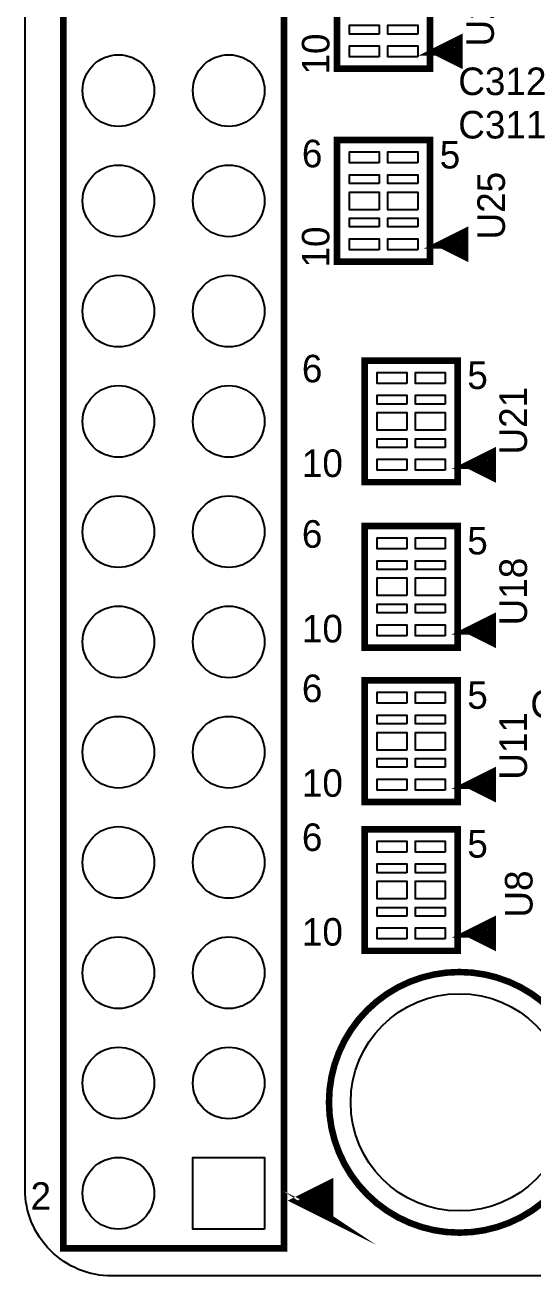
# Model space of a CAD drawing. Extents: x -57 to 527, y -107 to 303.
# Drawn here: x 0 to 11.69, y 0 to 28.82 of the extents above; entities that cross this region are included whole.
import ezdxf

# ---------------------------------------------------------------- set-up
doc = ezdxf.new("R2010")
doc.units = 0
doc.header["$MEASUREMENT"] = 0
for name, color, linetype in [('BOARD_GEOMETRY_OUTLINE', 3, 'CONTINUOUS'), ('PACKAGE_GEOMETRY_SILKSCREEN_TOP', 4, 'CONTINUOUS'), ('PIN_TOP', 5, 'CONTINUOUS'), ('REF_DES_SILKSCREEN_TOP', 6, 'CONTINUOUS')]:
    doc.layers.add(name, color=color, linetype=linetype)

msp = doc.modelspace()

# ---------------------------------------------------------------- linework, layer by layer
at = {"layer": 'BOARD_GEOMETRY_OUTLINE'}
msp.add_lwpolyline([(1.999996, 0, -0.414214), (0, 1.999996), (0, 77.999844, -0.414214), (1.999996, 79.99984), (72.999854, 79.99984, -0.414214), (74.99985, 77.999844), (74.99985, 1.999996, -0.414214), (72.999854, 0)], format="xyb", close=True, dxfattribs=at)
at = {"layer": 'PACKAGE_GEOMETRY_SILKSCREEN_TOP'}
for points in [[(0.879856, 0.635, 0.1524, 0.1524, 0), (0.879856, 51.435, 0.1524, 0.1524, 0), (5.959856, 51.435, 0.1524, 0.1524, 0), (5.959856, 0.635, 0.1524, 0.1524, 0), (0.879856, 0.635, 0.1524, 0.1524, 0)], [(7.184898, 29.409898, 0.1524, 0.1524, 0), (7.184898, 30.610048, 0.1524, 0.1524, 0), (9.325102, 30.610048, 0.1524, 0.1524, 0), (9.325102, 27.809952, 0.1524, 0.1524, 0), (7.184898, 27.809952, 0.1524, 0.1524, 0), (7.184898, 29.409898, 0.1524, 0.1524, 0)], [(9.47801, 28.210002, 0.199898, 0.199898, 0), (9.977882, 27.960066, 0.199898, 0.199898, 0), (9.977882, 28.459938, 0.199898, 0.199898, 0), (9.47801, 28.210002, 0.199898, 0.199898, 0), (9.87806, 28.210002, 0.199898, 0.199898, 0)], [(7.184898, 24.964898, 0.1524, 0.1524, 0), (7.184898, 26.165048, 0.1524, 0.1524, 0), (9.325102, 26.165048, 0.1524, 0.1524, 0), (9.325102, 23.364952, 0.1524, 0.1524, 0), (7.184898, 23.364952, 0.1524, 0.1524, 0), (7.184898, 24.964898, 0.1524, 0.1524, 0)], [(9.60501, 23.765002, 0.199898, 0.199898, 0), (10.104882, 23.515066, 0.199898, 0.199898, 0), (10.104882, 24.014938, 0.199898, 0.199898, 0), (9.60501, 23.765002, 0.199898, 0.199898, 0), (10.00506, 23.765002, 0.199898, 0.199898, 0)], [(7.819898, 19.884898, 0.1524, 0.1524, 0), (7.819898, 21.085048, 0.1524, 0.1524, 0), (9.960102, 21.085048, 0.1524, 0.1524, 0), (9.960102, 18.284952, 0.1524, 0.1524, 0), (7.819898, 18.284952, 0.1524, 0.1524, 0), (7.819898, 19.884898, 0.1524, 0.1524, 0)], [(10.24001, 18.685002, 0.199898, 0.199898, 0), (10.739882, 18.435066, 0.199898, 0.199898, 0), (10.739882, 18.934938, 0.199898, 0.199898, 0), (10.24001, 18.685002, 0.199898, 0.199898, 0), (10.64006, 18.685002, 0.199898, 0.199898, 0)], [(7.819898, 16.074898, 0.1524, 0.1524, 0), (7.819898, 17.275048, 0.1524, 0.1524, 0), (9.960102, 17.275048, 0.1524, 0.1524, 0), (9.960102, 14.474952, 0.1524, 0.1524, 0), (7.819898, 14.474952, 0.1524, 0.1524, 0), (7.819898, 16.074898, 0.1524, 0.1524, 0)], [(10.24001, 14.875002, 0.199898, 0.199898, 0), (10.739882, 14.625066, 0.199898, 0.199898, 0), (10.739882, 15.124938, 0.199898, 0.199898, 0), (10.24001, 14.875002, 0.199898, 0.199898, 0), (10.64006, 14.875002, 0.199898, 0.199898, 0)], [(7.819898, 12.518898, 0.1524, 0.1524, 0), (7.819898, 13.719048, 0.1524, 0.1524, 0), (9.960102, 13.719048, 0.1524, 0.1524, 0), (9.960102, 10.918952, 0.1524, 0.1524, 0), (7.819898, 10.918952, 0.1524, 0.1524, 0), (7.819898, 12.518898, 0.1524, 0.1524, 0)], [(10.24001, 11.319002, 0.199898, 0.199898, 0), (10.739882, 11.069066, 0.199898, 0.199898, 0), (10.739882, 11.568938, 0.199898, 0.199898, 0), (10.24001, 11.319002, 0.199898, 0.199898, 0), (10.64006, 11.319002, 0.199898, 0.199898, 0)], [(7.819898, 9.089898, 0.1524, 0.1524, 0), (7.819898, 10.290048, 0.1524, 0.1524, 0), (9.960102, 10.290048, 0.1524, 0.1524, 0), (9.960102, 7.489952, 0.1524, 0.1524, 0), (7.819898, 7.489952, 0.1524, 0.1524, 0), (7.819898, 9.089898, 0.1524, 0.1524, 0)], [(10.24001, 7.890002, 0.199898, 0.199898, 0), (10.739882, 7.640066, 0.199898, 0.199898, 0), (10.739882, 8.139938, 0.199898, 0.199898, 0), (10.24001, 7.890002, 0.199898, 0.199898, 0), (10.64006, 7.890002, 0.199898, 0.199898, 0)], [(13.002006, 3.999992, 0.150114, 0.150114, -1), (6.997954, 3.999992, 0.150114, 0.150114, -1), (13.002006, 3.999992, 0.150114, 0.150114, 0)], [(7.019798, 1.335024, 0.1524, 0.1524, 0), (7.019798, 2.135124, 0.1524, 0.1524, 0), (6.219952, 1.735074, 0.1524, 0.1524, 0), (7.019798, 1.335024, 0.1524, 0.1524, 0), (6.41985, 1.735074, 0.1524, 0.1524, 0), (6.919976, 2.035048, 0.1524, 0.1524, 0), (6.919976, 1.534922, 0.1524, 0.1524, 0), (6.519926, 1.735074, 0.1524, 0.1524, 0), (6.8199, 1.934972, 0.1524, 0.1524, 0), (6.8199, 1.634998, 0.1524, 0.1524, 0), (6.619748, 1.834896, 0.1524, 0.1524, 0)]]:
    msp.add_lwpolyline(points, format="xyseb", dxfattribs=at)
at = {"layer": 'PIN_TOP'}
for points in [[(8.154924, 28.608274), (7.469124, 28.608274), (7.469124, 28.811474), (8.154924, 28.811474)], [(9.040876, 28.608274), (8.355076, 28.608274), (8.355076, 28.811474), (9.040876, 28.811474)], [(8.154924, 28.083002), (7.469124, 28.083002), (7.469124, 28.337002), (8.154924, 28.337002)], [(9.040876, 28.083002), (8.355076, 28.083002), (8.355076, 28.337002), (9.040876, 28.337002)], [(8.154924, 25.637998), (7.469124, 25.637998), (7.469124, 25.891998), (8.154924, 25.891998)], [(9.040876, 25.637998), (8.355076, 25.637998), (8.355076, 25.891998), (9.040876, 25.891998)], [(8.154924, 25.163526), (7.469124, 25.163526), (7.469124, 25.366726), (8.154924, 25.366726)], [(9.040876, 25.163526), (8.355076, 25.163526), (8.355076, 25.366726), (9.040876, 25.366726)], [(8.154924, 24.5618), (7.469124, 24.5618), (7.469124, 24.9682), (8.154924, 24.9682)], [(9.040876, 24.5618), (8.355076, 24.5618), (8.355076, 24.9682), (9.040876, 24.9682)], [(8.154924, 24.163274), (7.469124, 24.163274), (7.469124, 24.366474), (8.154924, 24.366474)], [(9.040876, 24.163274), (8.355076, 24.163274), (8.355076, 24.366474), (9.040876, 24.366474)], [(8.154924, 23.638002), (7.469124, 23.638002), (7.469124, 23.892002), (8.154924, 23.892002)], [(9.040876, 23.638002), (8.355076, 23.638002), (8.355076, 23.892002), (9.040876, 23.892002)], [(8.789924, 20.557998), (8.104124, 20.557998), (8.104124, 20.811998), (8.789924, 20.811998)], [(9.675876, 20.557998), (8.990076, 20.557998), (8.990076, 20.811998), (9.675876, 20.811998)], [(8.789924, 20.083526), (8.104124, 20.083526), (8.104124, 20.286726), (8.789924, 20.286726)], [(9.675876, 20.083526), (8.990076, 20.083526), (8.990076, 20.286726), (9.675876, 20.286726)], [(8.789924, 19.4818), (8.104124, 19.4818), (8.104124, 19.8882), (8.789924, 19.8882)], [(9.675876, 19.4818), (8.990076, 19.4818), (8.990076, 19.8882), (9.675876, 19.8882)], [(8.789924, 19.083274), (8.104124, 19.083274), (8.104124, 19.286474), (8.789924, 19.286474)], [(9.675876, 19.083274), (8.990076, 19.083274), (8.990076, 19.286474), (9.675876, 19.286474)], [(8.789924, 18.558002), (8.104124, 18.558002), (8.104124, 18.812002), (8.789924, 18.812002)], [(9.675876, 18.558002), (8.990076, 18.558002), (8.990076, 18.812002), (9.675876, 18.812002)], [(8.789924, 16.747998), (8.104124, 16.747998), (8.104124, 17.001998), (8.789924, 17.001998)], [(9.675876, 16.747998), (8.990076, 16.747998), (8.990076, 17.001998), (9.675876, 17.001998)], [(8.789924, 16.273526), (8.104124, 16.273526), (8.104124, 16.476726), (8.789924, 16.476726)], [(9.675876, 16.273526), (8.990076, 16.273526), (8.990076, 16.476726), (9.675876, 16.476726)], [(8.789924, 15.6718), (8.104124, 15.6718), (8.104124, 16.0782), (8.789924, 16.0782)], [(9.675876, 15.6718), (8.990076, 15.6718), (8.990076, 16.0782), (9.675876, 16.0782)], [(8.789924, 15.273274), (8.104124, 15.273274), (8.104124, 15.476474), (8.789924, 15.476474)], [(9.675876, 15.273274), (8.990076, 15.273274), (8.990076, 15.476474), (9.675876, 15.476474)], [(8.789924, 14.748002), (8.104124, 14.748002), (8.104124, 15.002002), (8.789924, 15.002002)], [(9.675876, 14.748002), (8.990076, 14.748002), (8.990076, 15.002002), (9.675876, 15.002002)], [(8.789924, 13.191998), (8.104124, 13.191998), (8.104124, 13.445998), (8.789924, 13.445998)], [(9.675876, 13.191998), (8.990076, 13.191998), (8.990076, 13.445998), (9.675876, 13.445998)], [(8.789924, 12.717526), (8.104124, 12.717526), (8.104124, 12.920726), (8.789924, 12.920726)], [(9.675876, 12.717526), (8.990076, 12.717526), (8.990076, 12.920726), (9.675876, 12.920726)], [(8.789924, 12.1158), (8.104124, 12.1158), (8.104124, 12.5222), (8.789924, 12.5222)], [(9.675876, 12.1158), (8.990076, 12.1158), (8.990076, 12.5222), (9.675876, 12.5222)], [(8.789924, 11.717274), (8.104124, 11.717274), (8.104124, 11.920474), (8.789924, 11.920474)], [(9.675876, 11.717274), (8.990076, 11.717274), (8.990076, 11.920474), (9.675876, 11.920474)], [(8.789924, 11.192002), (8.104124, 11.192002), (8.104124, 11.446002), (8.789924, 11.446002)], [(9.675876, 11.192002), (8.990076, 11.192002), (8.990076, 11.446002), (9.675876, 11.446002)], [(8.789924, 9.762998), (8.104124, 9.762998), (8.104124, 10.016998), (8.789924, 10.016998)], [(9.675876, 9.762998), (8.990076, 9.762998), (8.990076, 10.016998), (9.675876, 10.016998)], [(8.789924, 9.288526), (8.104124, 9.288526), (8.104124, 9.491726), (8.789924, 9.491726)], [(9.675876, 9.288526), (8.990076, 9.288526), (8.990076, 9.491726), (9.675876, 9.491726)], [(8.789924, 8.6868), (8.104124, 8.6868), (8.104124, 9.0932), (8.789924, 9.0932)], [(9.675876, 8.6868), (8.990076, 8.6868), (8.990076, 9.0932), (9.675876, 9.0932)], [(8.789924, 8.288274), (8.104124, 8.288274), (8.104124, 8.491474), (8.789924, 8.491474)], [(9.675876, 8.288274), (8.990076, 8.288274), (8.990076, 8.491474), (9.675876, 8.491474)], [(8.789924, 7.763002), (8.104124, 7.763002), (8.104124, 8.017002), (8.789924, 8.017002)], [(9.675876, 7.763002), (8.990076, 7.763002), (8.990076, 8.017002), (9.675876, 8.017002)], [(5.515356, 1.0795), (3.864356, 1.0795), (3.864356, 2.7305), (5.515356, 2.7305)]]:
    msp.add_lwpolyline(points, close=True, dxfattribs=at)
for centre, radius in [((2.149856, 27.305), 0.8255), ((4.689856, 27.305), 0.8255), ((2.149856, 24.765), 0.8255), ((4.689856, 24.765), 0.8255), ((2.149856, 22.225), 0.8255), ((4.689856, 22.225), 0.8255), ((2.149856, 19.685), 0.8255), ((4.689856, 19.685), 0.8255), ((2.149856, 17.145), 0.8255), ((4.689856, 17.145), 0.8255), ((2.149856, 14.605), 0.8255), ((4.689856, 14.605), 0.8255), ((2.149856, 12.065), 0.8255), ((4.689856, 12.065), 0.8255), ((2.149856, 9.525), 0.8255), ((4.689856, 9.525), 0.8255), ((2.149856, 6.985), 0.8255), ((4.689856, 6.985), 0.8255), ((9.99998, 3.999992), 2.5019), ((2.149856, 4.445), 0.8255), ((4.689856, 4.445), 0.8255), ((2.149856, 1.905), 0.8255)]:
    msp.add_circle(centre, radius, dxfattribs=at)

# ---------------------------------------------------------------- texts
at = {"layer": 'PACKAGE_GEOMETRY_SILKSCREEN_TOP', "width": 1.0004}
for p in [(7.008876, 27.675078), (7.008876, 23.230078)]:
    msp.add_text('10', height=0.635, rotation=90, dxfattribs=at).set_placement(p)
for s, p in [('6', (6.373876, 25.537922)), ('5', (9.547098, 25.510998)), ('6', (6.373876, 20.584922)), ('5', (10.182098, 20.430998)), ('10', (6.373876, 18.404078)), ('6', (6.373876, 16.774922)), ('5', (10.182098, 16.620998)), ('10', (6.373876, 14.594078)), ('6', (6.373876, 13.218922)), ('5', (10.182098, 13.064998)), ('10', (6.373876, 11.038078)), ('6', (6.373876, 9.789922)), ('5', (10.182098, 9.635998)), ('10', (6.373876, 7.609078)), ('2', (0.127, 1.524))]:
    msp.add_text(s, height=0.635, dxfattribs=at).set_placement(p)
at = {"layer": 'REF_DES_SILKSCREEN_TOP', "width": 1.0004}
for s, p in [('U28', (10.795, 28.320746)), ('U25', (11.049, 23.875746)), ('U21', (11.557, 18.923)), ('U18', (11.557, 14.986)), ('U11', (11.557, 11.43)), ('U8', (11.684, 8.255))]:
    msp.add_text(s, height=0.635, rotation=90, dxfattribs=at).set_placement(p)
for s, p in [('C312', (9.974834, 27.201876)), ('C311', (9.974834, 26.201878)), ('C19', (11.634216, 12.857734))]:
    msp.add_text(s, height=0.635, dxfattribs=at).set_placement(p)

doc.saveas('drawing.dxf')
○ ○ ○ ○
The reply should hold an exact repeat of the entries from their opening line through the line with "doc.units = 0", and no pictures at all.

# Model space of a CAD drawing. Extents: x -57 to 527, y -107 to 303.
# Drawn here: x 0 to 11.69, y 0 to 28.82 of the extents above; entities that cross this region are included whole.
import ezdxf

# ---------------------------------------------------------------- set-up
doc = ezdxf.new("R2010")
doc.units = 0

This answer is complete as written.